EXERCISE INSTRUCTIONS: Restate word for word the line containing "#170=EDGE_CURVE('E191',#162,#136,#104,.T.);" and every following line in the material below, up to and including the last one.

EXERCISE INPUT:
•••

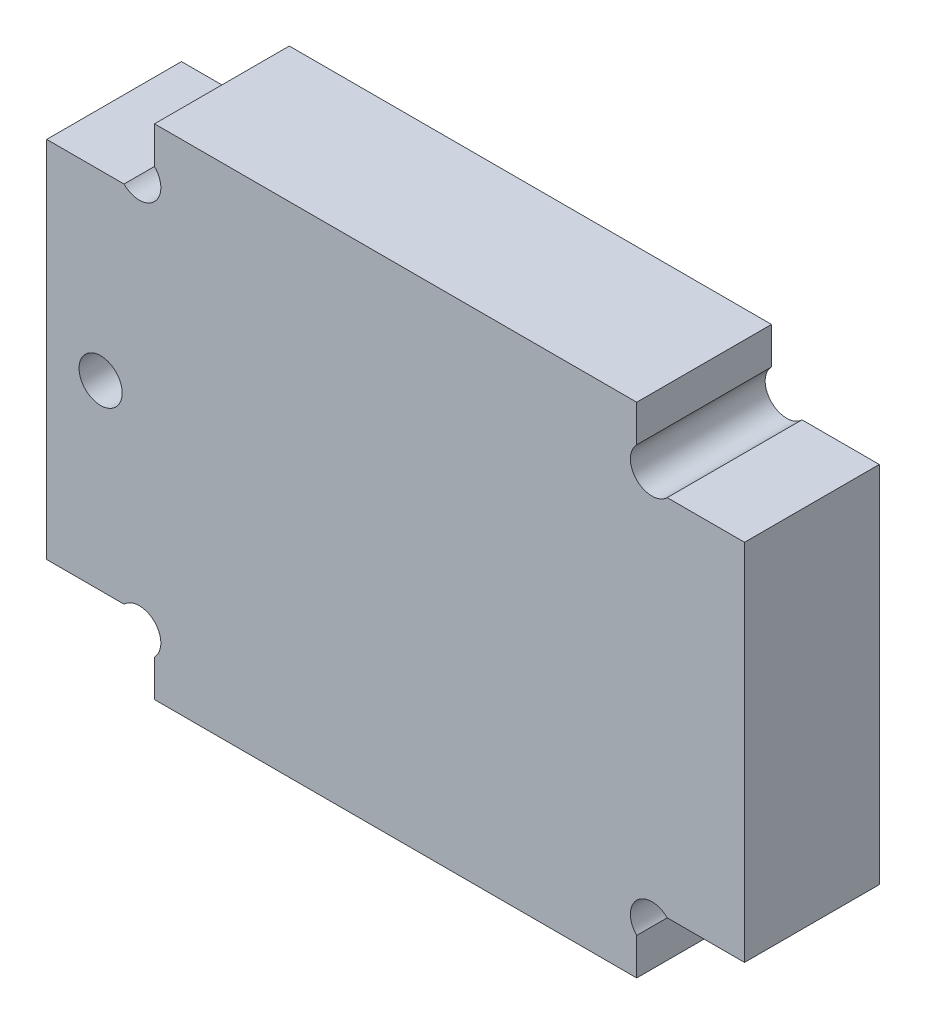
ISO-10303-21;
HEADER;
FILE_DESCRIPTION(('STEP AP214'),'2;1');
FILE_NAME('part.step','',(''),(''),'','','');
FILE_SCHEMA(('AUTOMOTIVE_DESIGN { 1 0 10303 214 1 1 1 1 }'));
ENDSEC;
DATA;
#1=APPLICATION_CONTEXT('core data for automotive mechanical design processes');
#2=APPLICATION_PROTOCOL_DEFINITION('international standard','automotive_design',2000,#1);
#3=PRODUCT_CONTEXT('',#1,'mechanical');
#4=PRODUCT('Part','Part','',(#3));
#5=PRODUCT_RELATED_PRODUCT_CATEGORY('part','',(#4));
#6=PRODUCT_DEFINITION_FORMATION('','',#4);
#7=PRODUCT_DEFINITION_CONTEXT('part definition',#1,'design');
#8=PRODUCT_DEFINITION('design','',#6,#7);
#9=PRODUCT_DEFINITION_SHAPE('','',#8);
#10=(LENGTH_UNIT() NAMED_UNIT(*) SI_UNIT(.MILLI.,.METRE.));
#11=(NAMED_UNIT(*) PLANE_ANGLE_UNIT() SI_UNIT($,.RADIAN.));
#12=(NAMED_UNIT(*) SI_UNIT($,.STERADIAN.) SOLID_ANGLE_UNIT());
#13=UNCERTAINTY_MEASURE_WITH_UNIT(LENGTH_MEASURE(1.E-05),#10,'distance_accuracy_value','');
#14=(GEOMETRIC_REPRESENTATION_CONTEXT(3) GLOBAL_UNCERTAINTY_ASSIGNED_CONTEXT((#13)) GLOBAL_UNIT_ASSIGNED_CONTEXT((#10,
#11,#12)) REPRESENTATION_CONTEXT('',''));
#15=CARTESIAN_POINT('',(0.,0.,0.));
#16=DIRECTION('',(0.,0.,1.));
#17=DIRECTION('',(1.,0.,0.));
#18=AXIS2_PLACEMENT_3D('',#15,#16,#17);
#19=CARTESIAN_POINT('',(-17.89,18.5,10.));
#20=DIRECTION('',(1.,0.,0.));
#21=DIRECTION('',(0.,1.,0.));
#22=AXIS2_PLACEMENT_3D('',#19,#20,#21);
#23=PLANE('',#22);
#24=DIRECTION('',(0.,-1.,0.));
#25=VECTOR('',#24,1.);
#26=CARTESIAN_POINT('',(-17.89,18.5,0.));
#27=LINE('',#26,#25);
#28=CARTESIAN_POINT('',(-17.89,18.5,0.));
#29=VERTEX_POINT('',#28);
#30=CARTESIAN_POINT('',(-17.89,15.762741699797,0.));
#31=VERTEX_POINT('',#30);
#32=EDGE_CURVE('E225',#29,#31,#27,.T.);
#33=ORIENTED_EDGE('',*,*,#32,.T.);
#34=DIRECTION('',(0.,0.,1.));
#35=VECTOR('',#34,1.);
#36=CARTESIAN_POINT('',(-17.89,15.762741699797,0.));
#37=LINE('',#36,#35);
#38=CARTESIAN_POINT('',(-17.89,15.762741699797,10.));
#39=VERTEX_POINT('',#38);
#40=EDGE_CURVE('E252',#31,#39,#37,.T.);
#41=ORIENTED_EDGE('',*,*,#40,.T.);
#42=DIRECTION('',(0.,-1.,0.));
#43=VECTOR('',#42,1.);
#44=CARTESIAN_POINT('',(-17.89,18.5,10.));
#45=LINE('',#44,#43);
#46=CARTESIAN_POINT('',(-17.89,18.5,10.));
#47=VERTEX_POINT('',#46);
#48=EDGE_CURVE('E231',#47,#39,#45,.T.);
#49=ORIENTED_EDGE('',*,*,#48,.F.);
#50=DIRECTION('',(0.,0.,-1.));
#51=VECTOR('',#50,1.);
#52=CARTESIAN_POINT('',(-17.89,18.5,10.));
#53=LINE('',#52,#51);
#54=EDGE_CURVE('E221',#47,#29,#53,.T.);
#55=ORIENTED_EDGE('',*,*,#54,.T.);
#56=EDGE_LOOP('',(#33,#41,#49,#55));
#57=FACE_BOUND('',#56,.T.);
#58=ADVANCED_FACE('F33',(#57),#23,.F.);
#59=CARTESIAN_POINT('',(-17.89,-15.762741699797,10.));
#60=VERTEX_POINT('',#59);
#61=CARTESIAN_POINT('',(-17.89,-18.5,10.));
#62=VERTEX_POINT('',#61);
#63=EDGE_CURVE('E36',#60,#62,#45,.T.);
#64=ORIENTED_EDGE('',*,*,#63,.F.);
#65=DIRECTION('',(0.,0.,1.));
#66=VECTOR('',#65,1.);
#67=CARTESIAN_POINT('',(-17.89,-15.762741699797,0.));
#68=LINE('',#67,#66);
#69=CARTESIAN_POINT('',(-17.89,-15.762741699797,0.));
#70=VERTEX_POINT('',#69);
#71=EDGE_CURVE('E154',#70,#60,#68,.T.);
#72=ORIENTED_EDGE('',*,*,#71,.F.);
#73=CARTESIAN_POINT('',(-17.89,-18.5,0.));
#74=VERTEX_POINT('',#73);
#75=EDGE_CURVE('E163',#70,#74,#27,.T.);
#76=ORIENTED_EDGE('',*,*,#75,.T.);
#77=DIRECTION('',(0.,0.,-1.));
#78=VECTOR('',#77,1.);
#79=CARTESIAN_POINT('',(-17.89,-18.5,10.));
#80=LINE('',#79,#78);
#81=EDGE_CURVE('E11',#62,#74,#80,.T.);
#82=ORIENTED_EDGE('',*,*,#81,.F.);
#83=EDGE_LOOP('',(#64,#72,#76,#82));
#84=FACE_BOUND('',#83,.T.);
#85=ADVANCED_FACE('F325',(#84),#23,.F.);
#86=CARTESIAN_POINT('',(17.89,18.5,10.));
#87=DIRECTION('',(1.,0.,0.));
#88=DIRECTION('',(0.,1.,0.));
#89=AXIS2_PLACEMENT_3D('',#86,#87,#88);
#90=PLANE('',#89);
#91=DIRECTION('',(0.,0.,1.));
#92=VECTOR('',#91,1.);
#93=CARTESIAN_POINT('',(17.89,15.762741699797,0.));
#94=LINE('',#93,#92);
#95=CARTESIAN_POINT('',(17.89,15.762741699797,0.));
#96=VERTEX_POINT('',#95);
#97=CARTESIAN_POINT('',(17.89,15.762741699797,10.));
#98=VERTEX_POINT('',#97);
#99=EDGE_CURVE('E518',#96,#98,#94,.T.);
#100=ORIENTED_EDGE('',*,*,#99,.F.);
#101=DIRECTION('',(0.,-1.,0.));
#102=VECTOR('',#101,1.);
#103=CARTESIAN_POINT('',(17.89,18.5,0.));
#104=LINE('',#103,#102);
#105=CARTESIAN_POINT('',(17.89,18.5,0.));
#106=VERTEX_POINT('',#105);
#107=EDGE_CURVE('E194',#106,#96,#104,.T.);
#108=ORIENTED_EDGE('',*,*,#107,.F.);
#109=DIRECTION('',(0.,0.,-1.));
#110=VECTOR('',#109,1.);
#111=CARTESIAN_POINT('',(17.89,18.5,10.));
#112=LINE('',#111,#110);
#113=CARTESIAN_POINT('',(17.89,18.5,10.));
#114=VERTEX_POINT('',#113);
#115=EDGE_CURVE('E278',#114,#106,#112,.T.);
#116=ORIENTED_EDGE('',*,*,#115,.F.);
#117=DIRECTION('',(0.,-1.,0.));
#118=VECTOR('',#117,1.);
#119=CARTESIAN_POINT('',(17.89,18.5,10.));
#120=LINE('',#119,#118);
#121=EDGE_CURVE('E209',#114,#98,#120,.T.);
#122=ORIENTED_EDGE('',*,*,#121,.T.);
#123=EDGE_LOOP('',(#100,#108,#116,#122));
#124=FACE_BOUND('',#123,.T.);
#125=ADVANCED_FACE('F348',(#124),#90,.T.);
#126=CARTESIAN_POINT('',(-17.89,-18.5,10.));
#127=DIRECTION('',(0.,1.,0.));
#128=DIRECTION('',(0.,0.,1.));
#129=AXIS2_PLACEMENT_3D('',#126,#127,#128);
#130=PLANE('',#129);
#131=DIRECTION('',(1.,0.,0.));
#132=VECTOR('',#131,1.);
#133=CARTESIAN_POINT('',(-17.89,-18.5,0.));
#134=LINE('',#133,#132);
#135=CARTESIAN_POINT('',(17.89,-18.5,0.));
#136=VERTEX_POINT('',#135);
#137=EDGE_CURVE('E195',#74,#136,#134,.T.);
#138=ORIENTED_EDGE('',*,*,#137,.T.);
#139=DIRECTION('',(0.,0.,-1.));
#140=VECTOR('',#139,1.);
#141=CARTESIAN_POINT('',(17.89,-18.5,10.));
#142=LINE('',#141,#140);
#143=CARTESIAN_POINT('',(17.89,-18.5,10.));
#144=VERTEX_POINT('',#143);
#145=EDGE_CURVE('E42',#144,#136,#142,.T.);
#146=ORIENTED_EDGE('',*,*,#145,.F.);
#147=DIRECTION('',(1.,0.,0.));
#148=VECTOR('',#147,1.);
#149=CARTESIAN_POINT('',(-17.89,-18.5,10.));
#150=LINE('',#149,#148);
#151=EDGE_CURVE('E218',#62,#144,#150,.T.);
#152=ORIENTED_EDGE('',*,*,#151,.F.);
#153=ORIENTED_EDGE('',*,*,#81,.T.);
#154=EDGE_LOOP('',(#138,#146,#152,#153));
#155=FACE_BOUND('',#154,.T.);
#156=ADVANCED_FACE('F293',(#155),#130,.F.);
#157=DIRECTION('',(0.,0.,1.));
#158=VECTOR('',#157,1.);
#159=CARTESIAN_POINT('',(17.89,-15.762741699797,0.));
#160=LINE('',#159,#158);
#161=CARTESIAN_POINT('',(17.89,-15.762741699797,0.));
#162=VERTEX_POINT('',#161);
#163=CARTESIAN_POINT('',(17.89,-15.762741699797,10.));
#164=VERTEX_POINT('',#163);
#165=EDGE_CURVE('E298',#162,#164,#160,.T.);
#166=ORIENTED_EDGE('',*,*,#165,.T.);
#167=EDGE_CURVE('E196',#164,#144,#120,.T.);
#168=ORIENTED_EDGE('',*,*,#167,.T.);
#169=ORIENTED_EDGE('',*,*,#145,.T.);
#170=EDGE_CURVE('E191',#162,#136,#104,.T.);
#171=ORIENTED_EDGE('',*,*,#170,.F.);
#172=EDGE_LOOP('',(#166,#168,#169,#171));
#173=FACE_BOUND('',#172,.T.);
#174=ADVANCED_FACE('F288',(#173),#90,.T.);
#175=CARTESIAN_POINT('',(-17.89,18.5,10.));
#176=DIRECTION('',(0.,1.,0.));
#177=DIRECTION('',(0.,0.,1.));
#178=AXIS2_PLACEMENT_3D('',#175,#176,#177);
#179=PLANE('',#178);
#180=DIRECTION('',(1.,0.,0.));
#181=VECTOR('',#180,1.);
#182=CARTESIAN_POINT('',(-17.89,18.5,0.));
#183=LINE('',#182,#181);
#184=EDGE_CURVE('E202',#29,#106,#183,.T.);
#185=ORIENTED_EDGE('',*,*,#184,.F.);
#186=ORIENTED_EDGE('',*,*,#54,.F.);
#187=DIRECTION('',(1.,0.,0.));
#188=VECTOR('',#187,1.);
#189=CARTESIAN_POINT('',(-17.89,18.5,10.));
#190=LINE('',#189,#188);
#191=EDGE_CURVE('E212',#47,#114,#190,.T.);
#192=ORIENTED_EDGE('',*,*,#191,.T.);
#193=ORIENTED_EDGE('',*,*,#115,.T.);
#194=EDGE_LOOP('',(#185,#186,#192,#193));
#195=FACE_BOUND('',#194,.T.);
#196=ADVANCED_FACE('F277',(#195),#179,.T.);
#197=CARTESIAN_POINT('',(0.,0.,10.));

•••

EXERCISE ANSWER:
#170=EDGE_CURVE('E191',#162,#136,#104,.T.);
#171=ORIENTED_EDGE('',*,*,#170,.F.);
#172=EDGE_LOOP('',(#166,#168,#169,#171));
#173=FACE_BOUND('',#172,.T.);
#174=ADVANCED_FACE('F288',(#173),#90,.T.);
#175=CARTESIAN_POINT('',(-17.89,18.5,10.));
#176=DIRECTION('',(0.,1.,0.));
#177=DIRECTION('',(0.,0.,1.));
#178=AXIS2_PLACEMENT_3D('',#175,#176,#177);
#179=PLANE('',#178);
#180=DIRECTION('',(1.,0.,0.));
#181=VECTOR('',#180,1.);
#182=CARTESIAN_POINT('',(-17.89,18.5,0.));
#183=LINE('',#182,#181);
#184=EDGE_CURVE('E202',#29,#106,#183,.T.);
#185=ORIENTED_EDGE('',*,*,#184,.F.);
#186=ORIENTED_EDGE('',*,*,#54,.F.);
#187=DIRECTION('',(1.,0.,0.));
#188=VECTOR('',#187,1.);
#189=CARTESIAN_POINT('',(-17.89,18.5,10.));
#190=LINE('',#189,#188);
#191=EDGE_CURVE('E212',#47,#114,#190,.T.);
#192=ORIENTED_EDGE('',*,*,#191,.T.);
#193=ORIENTED_EDGE('',*,*,#115,.T.);
#194=EDGE_LOOP('',(#185,#186,#192,#193));
#195=FACE_BOUND('',#194,.T.);
#196=ADVANCED_FACE('F277',(#195),#179,.T.);
#197=CARTESIAN_POINT('',(0.,0.,10.));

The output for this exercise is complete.